Sorry for the length of my rant!

But I feel loads better with it off my chest 

This thread may be better suited to the flame room on reflection


----------



## T3RBO (Dec 9, 2003)

Probably best to give them a ring mate, just to see what is going on and put your mind at rest :wink:


----------



## Gforce (May 10, 2011)

I will in the morning it just gets my back up when people say they will do something and don't just good customer service mountain out off a mole hill for some but I needed a rant lol


----------



## jamman (May 6, 2002)

Don't blame you Gforce give 'em hell


----------



## Gazzer (Jun 12, 2010)

the lad on the counter who no longer works there says he had a great night out on the oner you gave him. 

joke


----------



## Charlie (Dec 15, 2006)

gazzer1964 said:


> the lad on the counter who no longer works there says he had a great night out on the oner you gave him.  joke


 :lol: :lol: :lol:


----------



## skiwhiz (Feb 17, 2008)

Sure its Glen who owns the company he has a mkII so won't hold that against him :wink: but he is a good guy and attends the local meet now and again so I would ring and ask for him and see what he has to say.


----------



## Gforce (May 10, 2011)

I'm going to give them a ring when I have time working sh!t hours at the min so not had much time also wanted them to ring me as I shouldn't have to chase it up 
it's the common courtesy off it that's getting my back up it's a local business that I'm more than happy to spend a fair bit with as the list of mod's I want just keeps growing!
I just want good customer service in return


----------



## Gforce (May 10, 2011)

gazzer1964 said:


> the lad on the counter who no longer works there says he had a great night out on the oner you gave him.
> 
> joke


 trust me I'd track him down 

My other hobby is hunting lol


----------



## garyv6 (Jul 24, 2010)

For me m8 if anyone had done work on my car & knackered it up as in suspension on your Scirocco I wouldn't let them anywhere near my car again, simple as

Defo nowhere near my car with an unproven track history on a re-map why should you be their guinea pig?
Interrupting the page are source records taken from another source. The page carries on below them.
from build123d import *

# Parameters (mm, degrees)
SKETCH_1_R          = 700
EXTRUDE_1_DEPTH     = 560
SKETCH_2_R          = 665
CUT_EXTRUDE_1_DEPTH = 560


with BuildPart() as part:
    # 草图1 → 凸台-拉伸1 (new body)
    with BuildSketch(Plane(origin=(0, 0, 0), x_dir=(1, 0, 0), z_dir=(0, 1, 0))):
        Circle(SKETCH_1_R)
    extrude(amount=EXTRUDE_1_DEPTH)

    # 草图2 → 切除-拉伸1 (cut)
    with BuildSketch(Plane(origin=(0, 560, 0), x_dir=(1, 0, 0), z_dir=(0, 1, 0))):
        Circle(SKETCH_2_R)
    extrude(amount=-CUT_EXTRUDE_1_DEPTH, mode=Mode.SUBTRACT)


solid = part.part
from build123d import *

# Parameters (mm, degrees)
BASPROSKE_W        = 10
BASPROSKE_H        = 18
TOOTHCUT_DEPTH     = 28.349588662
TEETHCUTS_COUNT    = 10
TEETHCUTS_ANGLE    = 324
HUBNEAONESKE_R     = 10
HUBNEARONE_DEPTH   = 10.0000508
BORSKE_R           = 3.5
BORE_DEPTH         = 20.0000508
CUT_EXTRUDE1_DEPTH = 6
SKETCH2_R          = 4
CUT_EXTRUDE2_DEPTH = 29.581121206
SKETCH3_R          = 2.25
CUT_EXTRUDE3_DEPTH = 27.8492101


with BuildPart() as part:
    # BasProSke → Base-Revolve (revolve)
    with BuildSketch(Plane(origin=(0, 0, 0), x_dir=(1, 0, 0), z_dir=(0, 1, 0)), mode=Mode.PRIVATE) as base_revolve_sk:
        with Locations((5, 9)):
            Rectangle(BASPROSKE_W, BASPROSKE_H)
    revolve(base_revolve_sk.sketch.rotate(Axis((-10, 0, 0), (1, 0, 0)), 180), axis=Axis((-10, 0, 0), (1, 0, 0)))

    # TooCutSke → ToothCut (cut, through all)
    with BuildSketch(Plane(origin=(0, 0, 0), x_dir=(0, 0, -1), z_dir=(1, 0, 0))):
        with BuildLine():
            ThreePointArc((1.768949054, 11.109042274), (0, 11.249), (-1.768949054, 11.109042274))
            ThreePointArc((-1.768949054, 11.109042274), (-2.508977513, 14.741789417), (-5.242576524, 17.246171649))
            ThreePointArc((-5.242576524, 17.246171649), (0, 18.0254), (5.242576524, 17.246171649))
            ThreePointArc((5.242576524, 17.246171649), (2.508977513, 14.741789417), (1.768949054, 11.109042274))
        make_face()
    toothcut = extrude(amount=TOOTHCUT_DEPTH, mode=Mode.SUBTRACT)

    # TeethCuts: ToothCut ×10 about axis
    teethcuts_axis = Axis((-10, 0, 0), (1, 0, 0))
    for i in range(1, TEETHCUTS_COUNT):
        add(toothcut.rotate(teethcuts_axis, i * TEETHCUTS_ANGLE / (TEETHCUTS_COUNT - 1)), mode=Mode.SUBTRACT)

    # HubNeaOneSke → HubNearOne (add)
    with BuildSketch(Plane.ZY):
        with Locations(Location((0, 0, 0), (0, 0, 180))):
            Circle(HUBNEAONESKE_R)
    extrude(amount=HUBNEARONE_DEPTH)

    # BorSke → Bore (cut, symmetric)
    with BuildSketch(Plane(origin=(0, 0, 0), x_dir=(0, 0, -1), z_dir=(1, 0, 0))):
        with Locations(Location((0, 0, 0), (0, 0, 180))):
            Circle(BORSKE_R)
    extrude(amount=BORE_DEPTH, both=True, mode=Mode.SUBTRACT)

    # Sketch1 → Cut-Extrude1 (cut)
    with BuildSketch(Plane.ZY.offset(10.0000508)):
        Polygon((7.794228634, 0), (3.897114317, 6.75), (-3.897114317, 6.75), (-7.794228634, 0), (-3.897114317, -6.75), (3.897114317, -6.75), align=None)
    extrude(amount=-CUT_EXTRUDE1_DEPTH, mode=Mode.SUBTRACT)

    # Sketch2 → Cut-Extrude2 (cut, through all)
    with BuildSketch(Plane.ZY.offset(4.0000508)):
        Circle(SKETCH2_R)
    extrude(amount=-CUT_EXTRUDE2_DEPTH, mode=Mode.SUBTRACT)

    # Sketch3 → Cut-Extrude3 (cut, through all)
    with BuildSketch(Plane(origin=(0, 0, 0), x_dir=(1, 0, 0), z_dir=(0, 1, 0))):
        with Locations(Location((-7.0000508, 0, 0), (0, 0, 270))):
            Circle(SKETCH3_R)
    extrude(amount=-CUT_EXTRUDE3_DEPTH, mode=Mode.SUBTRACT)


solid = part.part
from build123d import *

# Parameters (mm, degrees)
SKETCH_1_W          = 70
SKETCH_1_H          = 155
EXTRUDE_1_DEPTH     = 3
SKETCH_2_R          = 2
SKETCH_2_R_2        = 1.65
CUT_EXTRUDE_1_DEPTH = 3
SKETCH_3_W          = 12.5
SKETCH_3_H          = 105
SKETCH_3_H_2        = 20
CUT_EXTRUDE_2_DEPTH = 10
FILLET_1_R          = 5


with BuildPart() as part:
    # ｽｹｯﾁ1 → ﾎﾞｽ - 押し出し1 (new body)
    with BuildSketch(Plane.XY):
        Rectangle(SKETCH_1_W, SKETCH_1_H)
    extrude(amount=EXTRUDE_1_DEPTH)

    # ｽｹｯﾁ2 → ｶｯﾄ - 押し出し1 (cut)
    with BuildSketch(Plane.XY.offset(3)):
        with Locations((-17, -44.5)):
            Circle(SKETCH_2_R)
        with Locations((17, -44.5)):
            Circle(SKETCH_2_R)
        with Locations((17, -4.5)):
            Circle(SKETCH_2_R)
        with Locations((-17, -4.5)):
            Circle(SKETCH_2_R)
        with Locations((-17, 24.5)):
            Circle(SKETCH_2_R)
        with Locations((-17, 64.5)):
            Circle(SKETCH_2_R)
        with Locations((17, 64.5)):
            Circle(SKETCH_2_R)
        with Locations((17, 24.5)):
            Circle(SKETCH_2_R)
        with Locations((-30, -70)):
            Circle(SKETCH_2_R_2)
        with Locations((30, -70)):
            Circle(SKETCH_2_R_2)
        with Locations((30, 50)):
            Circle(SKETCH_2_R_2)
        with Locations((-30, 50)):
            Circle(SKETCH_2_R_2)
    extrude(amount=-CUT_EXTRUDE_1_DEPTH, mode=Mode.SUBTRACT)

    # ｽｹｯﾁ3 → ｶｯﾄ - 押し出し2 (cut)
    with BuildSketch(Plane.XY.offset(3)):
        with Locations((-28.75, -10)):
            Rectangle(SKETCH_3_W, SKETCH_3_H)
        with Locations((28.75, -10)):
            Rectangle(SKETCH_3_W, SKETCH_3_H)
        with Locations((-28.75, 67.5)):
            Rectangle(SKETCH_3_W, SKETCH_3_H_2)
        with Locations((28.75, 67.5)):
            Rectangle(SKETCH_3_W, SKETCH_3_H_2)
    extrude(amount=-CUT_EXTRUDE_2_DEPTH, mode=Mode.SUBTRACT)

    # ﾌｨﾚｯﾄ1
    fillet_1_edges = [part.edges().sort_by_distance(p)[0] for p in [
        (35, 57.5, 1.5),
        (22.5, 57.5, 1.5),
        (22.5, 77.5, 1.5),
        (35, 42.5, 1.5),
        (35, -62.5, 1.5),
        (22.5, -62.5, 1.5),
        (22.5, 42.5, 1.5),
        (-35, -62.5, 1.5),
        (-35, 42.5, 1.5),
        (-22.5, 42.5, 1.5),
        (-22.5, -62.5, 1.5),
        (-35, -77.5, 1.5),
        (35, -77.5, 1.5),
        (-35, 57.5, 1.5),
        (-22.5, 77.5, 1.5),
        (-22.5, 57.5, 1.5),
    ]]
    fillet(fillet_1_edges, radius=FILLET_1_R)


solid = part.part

old saying once bitten..... I think you know the rest.

Me I'd get my money back asap & keep walking as soon as you get it


----------



## Gforce (May 10, 2011)

Iv been thinking that myself but it was about 8year ago they have a nice new building/workshop now plus it's only about 10min from my house

The other thing is when I was asking about the remaps they told me they were getting there own maps made up
I said I was looking for a stage2 and the lad said they wont be going by stages it will be a set map that they tinker with to get the best possible from any car saying that all the maps are basically the same base code anyway 
they don't have a rolling road not sure if that matters but like I said I'll be one of there first cars they have mapped so I'm a bit nervous about it ??


----------



## garyv6 (Jul 24, 2010)

If u r nervous sit down have a brew step back & re-read this

All the signs say don't do it, if you aren't happy in your head & you must care about your TT otherwise you would be on here would you ?

Lets face it the opening title says it all before they have evn touched your car 'Disappointed with revolution NE!'

Surf the forum & you will see a guy called Wak he is the best person to do a remap for your car & will take the utmost care of it & you cannot put a price on his experience/knowledge of the TT & he his on here & a TT legend

He will check your car over thoroghly for any faults before doing map bet the guys u r looking at never said that as no point putting a map on a car that isn't 100%

Getting him to do the remap will give you peace of mind & add value & enjoyment to your TT.

Do what you have to do get it booked in he might be miles from you but it will be worth it.

Failing that look to other established tuning Co's like Awesome

No point having a re-map at a place with no rolling road how you supposed to know what power output/gains there are?

This is all trying to help you & no offence but this is why the forum is here there is a wealth of knowledge best to do some research first, unless you have money to burn ?

Hope the info helps, now make that brew come to your senses & get your money back or worst case scenario goods to the value of that are useable to you & get your re-map sorted elsewhere


----------



## chrishumes (Jun 16, 2008)

There's a revo dealer in Blaydon mate, try them for a proven stage 1 or 2? Or take a drive to awesome like I did


----------



## Gforce (May 10, 2011)

Garyv6 
think your right i have done lots of research into maps etc but wak is just too far to travel he would be my first choice

awesome is prob my best option iv purchased a couple of bits from them and always had good service and looks like it will be worth the trip!!


----------



## garyv6 (Jul 24, 2010)

No probs

If u do decide to use Awesome they are Revo now as well & have a rolling road.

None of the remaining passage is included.